- What the exercise asks: As the answer, set down the lines below from the one containing "#85=FACE_BOUND('',#84,.T.);" through the one containing "#129=DIRECTION('',(0.,0.,-1.));", exactly and inclusively, and no others.

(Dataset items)
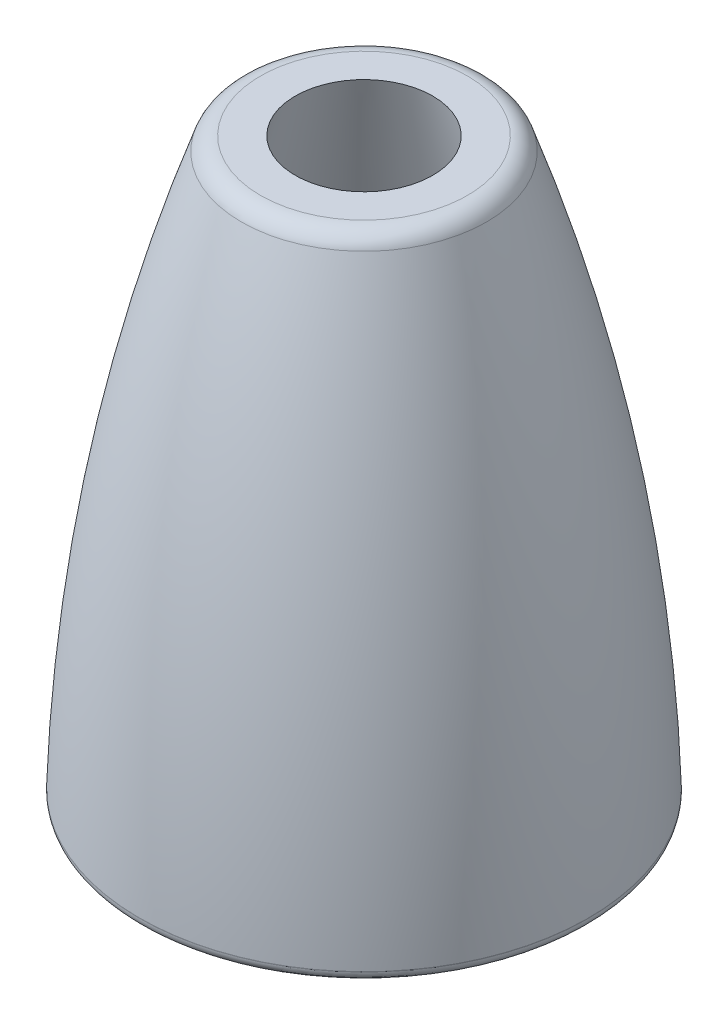
ISO-10303-21;
HEADER;
FILE_DESCRIPTION(('STEP AP214'),'2;1');
FILE_NAME('part.step','',(''),(''),'','','');
FILE_SCHEMA(('AUTOMOTIVE_DESIGN { 1 0 10303 214 1 1 1 1 }'));
ENDSEC;
DATA;
#1=APPLICATION_CONTEXT('core data for automotive mechanical design processes');
#2=APPLICATION_PROTOCOL_DEFINITION('international standard','automotive_design',2000,#1);
#3=PRODUCT_CONTEXT('',#1,'mechanical');
#4=PRODUCT('Part','Part','',(#3));
#5=PRODUCT_RELATED_PRODUCT_CATEGORY('part','',(#4));
#6=PRODUCT_DEFINITION_FORMATION('','',#4);
#7=PRODUCT_DEFINITION_CONTEXT('part definition',#1,'design');
#8=PRODUCT_DEFINITION('design','',#6,#7);
#9=PRODUCT_DEFINITION_SHAPE('','',#8);
#10=(LENGTH_UNIT() NAMED_UNIT(*) SI_UNIT(.MILLI.,.METRE.));
#11=(NAMED_UNIT(*) PLANE_ANGLE_UNIT() SI_UNIT($,.RADIAN.));
#12=(NAMED_UNIT(*) SI_UNIT($,.STERADIAN.) SOLID_ANGLE_UNIT());
#13=UNCERTAINTY_MEASURE_WITH_UNIT(LENGTH_MEASURE(1.E-05),#10,'distance_accuracy_value','');
#14=(GEOMETRIC_REPRESENTATION_CONTEXT(3) GLOBAL_UNCERTAINTY_ASSIGNED_CONTEXT((#13)) GLOBAL_UNIT_ASSIGNED_CONTEXT((#10,
#11,#12)) REPRESENTATION_CONTEXT('',''));
#15=CARTESIAN_POINT('',(0.,0.,0.));
#16=DIRECTION('',(0.,0.,1.));
#17=DIRECTION('',(1.,0.,0.));
#18=AXIS2_PLACEMENT_3D('',#15,#16,#17);
#19=CARTESIAN_POINT('',(0.,25.0000000000341,0.));
#20=DIRECTION('',(0.,-1.,0.));
#21=DIRECTION('',(0.,0.,-1.));
#22=AXIS2_PLACEMENT_3D('',#19,#20,#21);
#23=CYLINDRICAL_SURFACE('',#22,5.025);
#24=CARTESIAN_POINT('',(0.,24.,0.));
#25=DIRECTION('',(0.,-1.,0.));
#26=DIRECTION('',(0.,0.,-1.));
#27=AXIS2_PLACEMENT_3D('',#24,#25,#26);
#28=CIRCLE('',#27,5.025);
#29=CARTESIAN_POINT('',(0.,24.,-5.025));
#30=VERTEX_POINT('',#29);
#31=EDGE_CURVE('E22',#30,#30,#28,.F.);
#32=ORIENTED_EDGE('',*,*,#31,.F.);
#33=EDGE_LOOP('',(#32));
#34=FACE_BOUND('',#33,.T.);
#35=CARTESIAN_POINT('',(0.,25.0000000000346,0.));
#36=DIRECTION('',(0.,-1.,0.));
#37=DIRECTION('',(0.,0.,-1.));
#38=AXIS2_PLACEMENT_3D('',#35,#36,#37);
#39=CIRCLE('',#38,5.0249999999911);
#40=CARTESIAN_POINT('',(0.,25.0000000000346,-5.0249999999911));
#41=VERTEX_POINT('',#40);
#42=EDGE_CURVE('E138',#41,#41,#39,.T.);
#43=ORIENTED_EDGE('',*,*,#42,.F.);
#44=EDGE_LOOP('',(#43));
#45=FACE_BOUND('',#44,.T.);
#46=ADVANCED_FACE('F17',(#34,#45),#23,.F.);
#47=CARTESIAN_POINT('',(-5.1255,24.,-5.025));
#48=DIRECTION('',(0.,1.,0.));
#49=DIRECTION('',(0.,0.,1.));
#50=AXIS2_PLACEMENT_3D('',#47,#48,#49);
#51=PLANE('',#50);
#52=CARTESIAN_POINT('',(0.,24.,0.));
#53=DIRECTION('',(0.,-1.,0.));
#54=DIRECTION('',(0.,0.,-1.));
#55=AXIS2_PLACEMENT_3D('',#52,#53,#54);
#56=CIRCLE('',#55,3.525);
#57=CARTESIAN_POINT('',(0.,24.,-3.525));
#58=VERTEX_POINT('',#57);
#59=EDGE_CURVE('E136',#58,#58,#56,.F.);
#60=ORIENTED_EDGE('',*,*,#59,.F.);
#61=EDGE_LOOP('',(#60));
#62=FACE_BOUND('',#61,.T.);
#63=ORIENTED_EDGE('',*,*,#31,.T.);
#64=EDGE_LOOP('',(#63));
#65=FACE_BOUND('',#64,.T.);
#66=ADVANCED_FACE('F212',(#62,#65),#51,.T.);
#67=CARTESIAN_POINT('',(0.,30.9999999999491,0.));
#68=DIRECTION('',(0.,-1.,0.));
#69=DIRECTION('',(0.,0.,-1.));
#70=AXIS2_PLACEMENT_3D('',#67,#68,#69);
#71=CONICAL_SURFACE('',#70,3.41616039207793,0.261977344229932);
#72=ORIENTED_EDGE('',*,*,#42,.T.);
#73=EDGE_LOOP('',(#72));
#74=FACE_BOUND('',#73,.T.);
#75=CARTESIAN_POINT('',(0.,30.9999999999966,0.));
#76=DIRECTION('',(0.,-1.,0.));
#77=DIRECTION('',(0.,0.,-1.));
#78=AXIS2_PLACEMENT_3D('',#75,#76,#77);
#79=CIRCLE('',#78,3.4161603920652);
#80=CARTESIAN_POINT('',(0.,30.9999999999966,-3.4161603920652));
#81=VERTEX_POINT('',#80);
#82=EDGE_CURVE('E134',#81,#81,#79,.T.);
#83=ORIENTED_EDGE('',*,*,#82,.F.);
#84=EDGE_LOOP('',(#83));
#85=FACE_BOUND('',#84,.T.);
#86=ADVANCED_FACE('F206',(#74,#85),#71,.F.);
#87=CARTESIAN_POINT('',(0.,24.,0.));
#88=DIRECTION('',(0.,-1.,0.));
#89=DIRECTION('',(0.,0.,-1.));
#90=AXIS2_PLACEMENT_3D('',#87,#88,#89);
#91=CYLINDRICAL_SURFACE('',#90,3.525);
#92=CARTESIAN_POINT('',(0.,15.2,0.));
#93=DIRECTION('',(0.,-1.,0.));
#94=DIRECTION('',(0.,0.,-1.));
#95=AXIS2_PLACEMENT_3D('',#92,#93,#94);
#96=CIRCLE('',#95,3.525);
#97=CARTESIAN_POINT('',(0.,15.2,-3.525));
#98=VERTEX_POINT('',#97);
#99=EDGE_CURVE('E67',#98,#98,#96,.F.);
#100=ORIENTED_EDGE('',*,*,#99,.F.);
#101=EDGE_LOOP('',(#100));
#102=FACE_BOUND('',#101,.T.);
#103=ORIENTED_EDGE('',*,*,#59,.T.);
#104=EDGE_LOOP('',(#103));
#105=FACE_BOUND('',#104,.T.);
#106=ADVANCED_FACE('F198',(#102,#105),#91,.F.);
#107=CARTESIAN_POINT('',(-5.142709066435,31.,-5.142709066435));
#108=DIRECTION('',(0.,1.,0.));
#109=DIRECTION('',(0.,0.,1.));
#110=AXIS2_PLACEMENT_3D('',#107,#108,#109);
#111=PLANE('',#110);
#112=ORIENTED_EDGE('',*,*,#82,.T.);
#113=EDGE_LOOP('',(#112));
#114=FACE_BOUND('',#113,.T.);
#115=CARTESIAN_POINT('',(0.,31.,0.));
#116=DIRECTION('',(0.,1.,0.));
#117=DIRECTION('',(0.,0.,1.));
#118=AXIS2_PLACEMENT_3D('',#115,#116,#117);
#119=CIRCLE('',#118,5.14270906643498);
#120=CARTESIAN_POINT('',(0.,31.,5.14270906643496));
#121=VERTEX_POINT('',#120);
#122=EDGE_CURVE('E63',#121,#121,#119,.F.);
#123=ORIENTED_EDGE('',*,*,#122,.F.);
#124=EDGE_LOOP('',(#123));
#125=FACE_BOUND('',#124,.T.);
#126=ADVANCED_FACE('F196',(#114,#125),#111,.T.);
#127=CARTESIAN_POINT('',(-5.6,15.2,5.71204961205923));
#128=DIRECTION('',(0.,-1.,0.));
#129=DIRECTION('',(0.,0.,-1.));
#130=AXIS2_PLACEMENT_3D('',#127,#128,#129);
#131=PLANE('',#130);
#132=ORIENTED_EDGE('',*,*,#99,.T.);
#133=EDGE_LOOP('',(#132));
#134=FACE_BOUND('',#133,.T.);
#135=CARTESIAN_POINT('',(0.,15.1999999999009,5.6000199105327));
#136=CARTESIAN_POINT('',(0.0905630030758775,15.199999999903,5.60002155790611));
#137=CARTESIAN_POINT('',(0.181125845155238,15.199999999905,5.59782270126528));
#138=CARTESIAN_POINT('',(0.362038470237308,15.199999999909,5.58903729808633));
#139=CARTESIAN_POINT('',(0.452388253263688,15.199999999911,5.58245075203571));
#140=CARTESIAN_POINT('',(0.63266203336029,15.1999999999148,5.56490328913766));
#141=CARTESIAN_POINT('',(0.722586030477821,15.1999999999167,5.55394237277625));
#142=CARTESIAN_POINT('',(0.901796648253183,15.1999999999205,5.52767254933547));
#143=CARTESIAN_POINT('',(0.991083268981831,15.1999999999223,5.5123636427392));
#144=CARTESIAN_POINT('',(1.16880900747506,15.1999999999259,5.47743370972359));
#145=CARTESIAN_POINT('',(1.25724812533381,15.1999999999277,5.45781268378336));
#146=CARTESIAN_POINT('',(1.43307073570994,15.1999999999312,5.41430472936011));
#147=CARTESIAN_POINT('',(1.52045422834461,15.1999999999329,5.39041780135107));
#148=CARTESIAN_POINT('',(1.69395994757016,15.1999999999363,5.33843424582134));
#149=CARTESIAN_POINT('',(1.78008217430118,15.1999999999379,5.31033761876839));
#150=CARTESIAN_POINT('',(1.95086268990397,15.1999999999411,5.25000078915556));
#151=CARTESIAN_POINT('',(2.03552097893839,15.1999999999427,5.21776058705607));
#152=CARTESIAN_POINT('',(2.2031743922903,15.1999999999458,5.14921247863265));
#153=CARTESIAN_POINT('',(2.28616951679258,15.1999999999473,5.11290457276067));
#154=CARTESIAN_POINT('',(2.45030128825717,15.1999999999503,5.03630650164722));
#155=CARTESIAN_POINT('',(2.53143793542597,15.1999999999517,4.9960163368482));
#156=CARTESIAN_POINT('',(2.69166181300274,15.1999999999546,4.91154856392943));
#157=CARTESIAN_POINT('',(2.77074904363841,15.199999999956,4.86737095624162));
#158=CARTESIAN_POINT('',(2.92668797188519,15.1999999999587,4.7752322620022));
#159=CARTESIAN_POINT('',(3.00353966974467,15.19999999996,4.72727117587099));
#160=CARTESIAN_POINT('',(3.15482667711589,15.1999999999626,4.62767839285415));
#161=CARTESIAN_POINT('',(3.22926198689612,15.1999999999638,4.57604669637637));
#162=CARTESIAN_POINT('',(3.37554104933481,15.1999999999663,4.46923419883766));
#163=CARTESIAN_POINT('',(3.44738480228121,15.1999999999675,4.41405339817106));
#164=CARTESIAN_POINT('',(3.58831168105205,15.1999999999698,4.30027255053765));
#165=CARTESIAN_POINT('',(3.65739480718319,15.1999999999709,4.24167250395075));
#166=CARTESIAN_POINT('',(3.79263785896979,15.1999999999731,4.1211910692746));
#167=CARTESIAN_POINT('',(3.85879778495003,15.1999999999742,4.05930968154994));
#168=CARTESIAN_POINT('',(3.98803874231148,15.1999999999763,3.93241119137621));
#169=CARTESIAN_POINT('',(4.05111977403478,15.1999999999773,3.86739408927555));
#170=CARTESIAN_POINT('',(4.1740544943843,15.1999999999792,3.73437717640142));
#171=CARTESIAN_POINT('',(4.2339081833691,15.1999999999801,3.66637736595934));
#172=CARTESIAN_POINT('',(4.35024736471235,15.1999999999819,3.5275550616554));
#173=CARTESIAN_POINT('',(4.40673285744503,15.1999999999828,3.45673256810716));
#174=CARTESIAN_POINT('',(4.51620271919417,15.1999999999845,3.31243156545494));
#175=CARTESIAN_POINT('',(4.56918708859964,15.1999999999853,3.23895305664607));
#176=CARTESIAN_POINT('',(4.67153001585892,15.1999999999868,3.08951294172508));
#177=CARTESIAN_POINT('',(4.72088857411559,15.1999999999876,3.01355133588886));
#178=CARTESIAN_POINT('',(4.81586372393013,15.199999999989,2.85932378862306));
#179=CARTESIAN_POINT('',(4.86148031590376,15.1999999999897,2.78105784744953));
#180=CARTESIAN_POINT('',(4.94886418401547,15.199999999991,2.62240581399186));
#181=CARTESIAN_POINT('',(4.99063146058123,15.1999999999916,2.5420197219433));
#182=CARTESIAN_POINT('',(5.07021840746773,15.1999999999927,2.37931656055324));
#183=CARTESIAN_POINT('',(5.10803807822707,15.1999999999933,2.29699949142628));
#184=CARTESIAN_POINT('',(5.17964081277668,15.1999999999943,2.13062809382312));
#185=CARTESIAN_POINT('',(5.21342387701544,15.1999999999948,2.04657376553994));
#186=CARTESIAN_POINT('',(5.27687389822641,15.1999999999957,1.87692565590165));
#187=CARTESIAN_POINT('',(5.30654085565594,15.1999999999961,1.79133187471759));
#188=CARTESIAN_POINT('',(5.36168884562387,15.1999999999969,1.61880628806438));
#189=CARTESIAN_POINT('',(5.38716987862736,15.1999999999973,1.5318744827439));
#190=CARTESIAN_POINT('',(5.43388606715607,15.1999999999979,1.35687742629796));
#191=CARTESIAN_POINT('',(5.45512122315304,15.1999999999982,1.26881217529845));
#192=CARTESIAN_POINT('',(5.49329564378723,15.1999999999987,1.0917554697196));
#193=CARTESIAN_POINT('',(5.51023490890175,15.1999999999989,1.00276401524318));
#194=CARTESIAN_POINT('',(5.53977784189312,15.1999999999993,0.824064337810933));
#195=CARTESIAN_POINT('',(5.55238151025169,15.1999999999995,0.734356114934741));
#196=CARTESIAN_POINT('',(5.57322300630336,15.1999999999997,0.554433972980454));
#197=CARTESIAN_POINT('',(5.58146083448153,15.1999999999998,0.464220053958547));
#198=CARTESIAN_POINT('',(5.59355344472772,15.2,0.283498966941439));
#199=CARTESIAN_POINT('',(5.59740822728273,15.2,0.192991798978821));
#200=CARTESIAN_POINT('',(5.59906288415797,15.2,0.102444225042774));
#201=B_SPLINE_CURVE_WITH_KNOTS('',3,(#135,#136,#137,#138,#139,#140,#141,#142,#143,#144,#145,
#146,#147,#148,#149,#150,#151,#152,#153,#154,#155,#156,#157,#158,#159,#160,#161,#162,#163,#164,
#165,#166,#167,#168,#169,#170,#171,#172,#173,#174,#175,#176,#177,#178,#179,#180,#181,#182,#183,
#184,#185,#186,#187,#188,#189,#190,#191,#192,#193,#194,#195,#196,#197,#198,#199,#200),
.UNSPECIFIED.,.F.,.F.,(4,2,2,2,2,2,2,2,2,2,2,2,2,2,2,2,2,2,2,2,2,2,2,2,2,2,2,2,2,2,2,2,4),(0.,
0.271662102687851,0.543324175192006,0.814986217512464,1.08664822964923,1.3583102116023,
1.62997216337167,1.90163408495735,2.17329597635933,2.44495783757762,2.71661966861221,
2.9882814694631,3.2599432401303,3.5316049806138,3.80326669091361,4.07492837102972,
4.34659002096214,4.61825164071086,4.88991323027588,5.16157478965721,5.43323631885485,
5.70489781786879,5.97655928669903,6.24822072534557,6.51988213380843,6.79154351208758,
7.06320486018304,7.33486617809481,7.60652746582288,7.87818872336725,8.14984995072793,
8.42151114790491,8.6931723148982),.UNSPECIFIED.);
#202=CARTESIAN_POINT('',(0.,15.1999999999009,5.6000199105327));
#203=VERTEX_POINT('',#202);
#204=CARTESIAN_POINT('',(5.59906288415796,15.2,0.102444225042774));
#205=VERTEX_POINT('',#204);
#206=EDGE_CURVE('E53',#203,#205,#201,.T.);
#207=ORIENTED_EDGE('',*,*,#206,.F.);
#208=CARTESIAN_POINT('',(-5.6,15.2,0.));
#209=CARTESIAN_POINT('',(-5.60000215109812,15.2,0.0916298833601626));
#210=CARTESIAN_POINT('',(-5.59775155045365,15.2,0.183259606403878));
#211=CARTESIAN_POINT('',(-5.58875880145404,15.1999999999998,0.36629841729192));
#212=CARTESIAN_POINT('',(-5.58201665259985,15.1999999999997,0.457707505111731));
#213=CARTESIAN_POINT('',(-5.56405476196315,15.1999999999995,0.640084720657766));
#214=CARTESIAN_POINT('',(-5.55283501968315,15.1999999999993,0.731052848334995));
#215=CARTESIAN_POINT('',(-5.52594558324695,15.1999999999989,0.912329023413482));
#216=CARTESIAN_POINT('',(-5.51027588859632,15.1999999999987,1.0026370707414));
#217=CARTESIAN_POINT('',(-5.47452413192306,15.1999999999982,1.18237551691243));
#218=CARTESIAN_POINT('',(-5.45444206941017,15.1999999999979,1.27180591565803));
#219=CARTESIAN_POINT('',(-5.40991399946971,15.1999999999973,1.44957362096694));
#220=CARTESIAN_POINT('',(-5.38546799155727,15.1999999999969,1.53791092740879));
#221=CARTESIAN_POINT('',(-5.33227091063511,15.1999999999961,1.71327963497953));
#222=CARTESIAN_POINT('',(-5.30351983714706,15.1999999999957,1.80031103596332));
#223=CARTESIAN_POINT('',(-5.2417818911297,15.1999999999948,1.97285826621488));
#224=CARTESIAN_POINT('',(-5.20879501812977,15.1999999999943,2.05837409531426));
#225=CARTESIAN_POINT('',(-5.13866493956747,15.1999999999933,2.22768416629604));
#226=CARTESIAN_POINT('',(-5.10152173354331,15.1999999999927,2.31147840798716));
#227=CARTESIAN_POINT('',(-5.0231684694724,15.1999999999916,2.47714343611324));
#228=CARTESIAN_POINT('',(-4.98195841097379,15.199999999991,2.5590142223345));
#229=CARTESIAN_POINT('',(-4.89557071962999,15.1999999999897,2.7206351051954));
#230=CARTESIAN_POINT('',(-4.85039308634398,15.199999999989,2.80038520159943));
#231=CARTESIAN_POINT('',(-4.75617908143569,15.1999999999876,2.9575725793879));
#232=CARTESIAN_POINT('',(-4.70714270938467,15.1999999999868,3.03500986051537));
#233=CARTESIAN_POINT('',(-4.6053293589999,15.1999999999853,3.18738505404364));
#234=CARTESIAN_POINT('',(-4.55255238025053,15.1999999999845,3.26232296616673));
#235=CARTESIAN_POINT('',(-4.44338496000351,15.1999999999828,3.40951888913681));
#236=CARTESIAN_POINT('',(-4.38699451810439,15.1999999999819,3.48177689968603));
#237=CARTESIAN_POINT('',(-4.27073602026834,15.1999999999801,3.62343894303635));
#238=CARTESIAN_POINT('',(-4.21086796394503,15.1999999999792,3.69284297552035));
#239=CARTESIAN_POINT('',(-4.08779846387943,15.1999999999773,3.82862986171271));
#240=CARTESIAN_POINT('',(-4.02459701976677,15.1999999999763,3.89501271508539));
#241=CARTESIAN_POINT('',(-3.89501300119638,15.1999999999742,4.02459732027553));
#242=CARTESIAN_POINT('',(-3.8286304263852,15.1999999999731,4.08779907173953));
#243=CARTESIAN_POINT('',(-3.69284406714803,15.1999999999709,4.21086921385034));
#244=CARTESIAN_POINT('',(-3.62344028238636,15.1999999999698,4.27073760412679));
#245=CARTESIAN_POINT('',(-3.4817787023734,15.1999999999675,4.38699679492564));
#246=CARTESIAN_POINT('',(-3.409520906805,15.1999999999663,4.44338759506166));
#247=CARTESIAN_POINT('',(-3.26232537990294,15.1999999999638,4.55255575443042));
#248=CARTESIAN_POINT('',(-3.18738764827153,15.1999999999626,4.60533311326168));
#249=CARTESIAN_POINT('',(-3.03501278020714,15.19999999996,4.70714724393661));
#250=CARTESIAN_POINT('',(-2.95757564349646,15.1999999999587,4.75618401536467));
#251=CARTESIAN_POINT('',(-2.80038851756338,15.199999999956,4.85039883652887));
#252=CARTESIAN_POINT('',(-2.72063852808401,15.1999999999546,4.89557688583627));
#253=CARTESIAN_POINT('',(-2.55901782080873,15.1999999999517,4.98196542400749));
#254=CARTESIAN_POINT('',(-2.47714710277719,15.1999999999503,5.02317591243048));
#255=CARTESIAN_POINT('',(-2.31148217166007,15.1999999999473,5.10153004833574));
#256=CARTESIAN_POINT('',(-2.22768795836077,15.1999999999458,5.13867369536617));
#257=CARTESIAN_POINT('',(-2.05837790386892,15.1999999999427,5.20880466505674));
#258=CARTESIAN_POINT('',(-1.97286206248508,15.1999999999411,5.24179198725508));
#259=CARTESIAN_POINT('',(-1.80031476663533,15.1999999999379,5.30353083785566));
#260=CARTESIAN_POINT('',(-1.71328331200104,15.1999999999363,5.33228236578725));
#261=CARTESIAN_POINT('',(-1.53791445555571,15.1999999999329,5.38548035880558));
#262=CARTESIAN_POINT('',(-1.44957705359959,15.1999999999312,5.40992682341398));
#263=CARTESIAN_POINT('',(-1.27180911533818,15.1999999999277,5.45445580694195));
#264=CARTESIAN_POINT('',(-1.18237857891145,15.1999999999259,5.47453832537665));
#265=CARTESIAN_POINT('',(-1.00263981530045,15.1999999999223,5.51029099105116));
#266=CARTESIAN_POINT('',(-0.912331588018666,15.1999999999205,5.52596113780073));
#267=CARTESIAN_POINT('',(-0.731055010996757,15.1999999999167,5.55285147254281));
#268=CARTESIAN_POINT('',(-0.640086661183286,15.1999999999148,5.56407166004091));
#269=CARTESIAN_POINT('',(-0.4577089595763,15.199999999911,5.58203443216942));
#270=CARTESIAN_POINT('',(-0.366299607733787,15.199999999909,5.58877701630234));
#271=CARTESIAN_POINT('',(-0.183260227431621,15.199999999905,5.59777062388505));
#272=CARTESIAN_POINT('',(-0.0916301989474497,15.199999999903,5.6000216468358));
#273=CARTESIAN_POINT('',(0.,15.1999999999009,5.6000199105327));
#274=B_SPLINE_CURVE_WITH_KNOTS('',3,(#208,#209,#210,#211,#212,#213,#214,#215,#216,#217,#218,
#219,#220,#221,#222,#223,#224,#225,#226,#227,#228,#229,#230,#231,#232,#233,#234,#235,#236,#237,
#238,#239,#240,#241,#242,#243,#244,#245,#246,#247,#248,#249,#250,#251,#252,#253,#254,#255,#256,
#257,#258,#259,#260,#261,#262,#263,#264,#265,#266,#267,#268,#269,#270,#271,#272,#273),
.UNSPECIFIED.,.F.,.F.,(4,2,2,2,2,2,2,2,2,2,2,2,2,2,2,2,2,2,2,2,2,2,2,2,2,2,2,2,2,2,2,2,4),(0.,
0.274861774726979,0.549723579993257,0.824585415798854,1.09944728214375,1.37430917902796,
1.64917110645148,1.9240330644143,2.19889505291644,2.47375707195788,2.74861912153863,
3.02348120165869,3.29834331231806,3.57320545351673,3.84806762525472,4.12292982753201,
4.39779206034861,4.67265432370452,4.94751661759973,5.22237894203426,5.4972412970081,
5.77210368252124,6.04696609857369,6.32182854516545,6.59669102229652,6.87155352996689,
7.14641606817657,7.42127863692557,7.69614123621387,7.97100386604148,8.2458665264084,
8.52072921731462,8.79559193876016),.UNSPECIFIED.);
#275=CARTESIAN_POINT('',(-5.6,15.2,0.));
#276=VERTEX_POINT('',#275);
#277=EDGE_CURVE('E59',#276,#203,#274,.T.);
#278=ORIENTED_EDGE('',*,*,#277,.F.);
#279=CARTESIAN_POINT('',(0.,15.2,0.));
#280=DIRECTION('',(0.,-1.,0.));
#281=DIRECTION('',(0.,0.,-1.));
#282=AXIS2_PLACEMENT_3D('',#279,#280,#281);
#283=CIRCLE('',#282,5.60000000000007);
#284=EDGE_CURVE('E57',#205,#276,#283,.F.);
#285=ORIENTED_EDGE('',*,*,#284,.F.);
#286=EDGE_LOOP('',(#207,#278,#285));
#287=FACE_BOUND('',#286,.T.);
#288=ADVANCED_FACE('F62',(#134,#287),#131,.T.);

- Result:
#85=FACE_BOUND('',#84,.T.);
#86=ADVANCED_FACE('F206',(#74,#85),#71,.F.);
#87=CARTESIAN_POINT('',(0.,24.,0.));
#88=DIRECTION('',(0.,-1.,0.));
#89=DIRECTION('',(0.,0.,-1.));
#90=AXIS2_PLACEMENT_3D('',#87,#88,#89);
#91=CYLINDRICAL_SURFACE('',#90,3.525);
#92=CARTESIAN_POINT('',(0.,15.2,0.));
#93=DIRECTION('',(0.,-1.,0.));
#94=DIRECTION('',(0.,0.,-1.));
#95=AXIS2_PLACEMENT_3D('',#92,#93,#94);
#96=CIRCLE('',#95,3.525);
#97=CARTESIAN_POINT('',(0.,15.2,-3.525));
#98=VERTEX_POINT('',#97);
#99=EDGE_CURVE('E67',#98,#98,#96,.F.);
#100=ORIENTED_EDGE('',*,*,#99,.F.);
#101=EDGE_LOOP('',(#100));
#102=FACE_BOUND('',#101,.T.);
#103=ORIENTED_EDGE('',*,*,#59,.T.);
#104=EDGE_LOOP('',(#103));
#105=FACE_BOUND('',#104,.T.);
#106=ADVANCED_FACE('F198',(#102,#105),#91,.F.);
#107=CARTESIAN_POINT('',(-5.142709066435,31.,-5.142709066435));
#108=DIRECTION('',(0.,1.,0.));
#109=DIRECTION('',(0.,0.,1.));
#110=AXIS2_PLACEMENT_3D('',#107,#108,#109);
#111=PLANE('',#110);
#112=ORIENTED_EDGE('',*,*,#82,.T.);
#113=EDGE_LOOP('',(#112));
#114=FACE_BOUND('',#113,.T.);
#115=CARTESIAN_POINT('',(0.,31.,0.));
#116=DIRECTION('',(0.,1.,0.));
#117=DIRECTION('',(0.,0.,1.));
#118=AXIS2_PLACEMENT_3D('',#115,#116,#117);
#119=CIRCLE('',#118,5.14270906643498);
#120=CARTESIAN_POINT('',(0.,31.,5.14270906643496));
#121=VERTEX_POINT('',#120);
#122=EDGE_CURVE('E63',#121,#121,#119,.F.);
#123=ORIENTED_EDGE('',*,*,#122,.F.);
#124=EDGE_LOOP('',(#123));
#125=FACE_BOUND('',#124,.T.);
#126=ADVANCED_FACE('F196',(#114,#125),#111,.T.);
#127=CARTESIAN_POINT('',(-5.6,15.2,5.71204961205923));
#128=DIRECTION('',(0.,-1.,0.));
#129=DIRECTION('',(0.,0.,-1.));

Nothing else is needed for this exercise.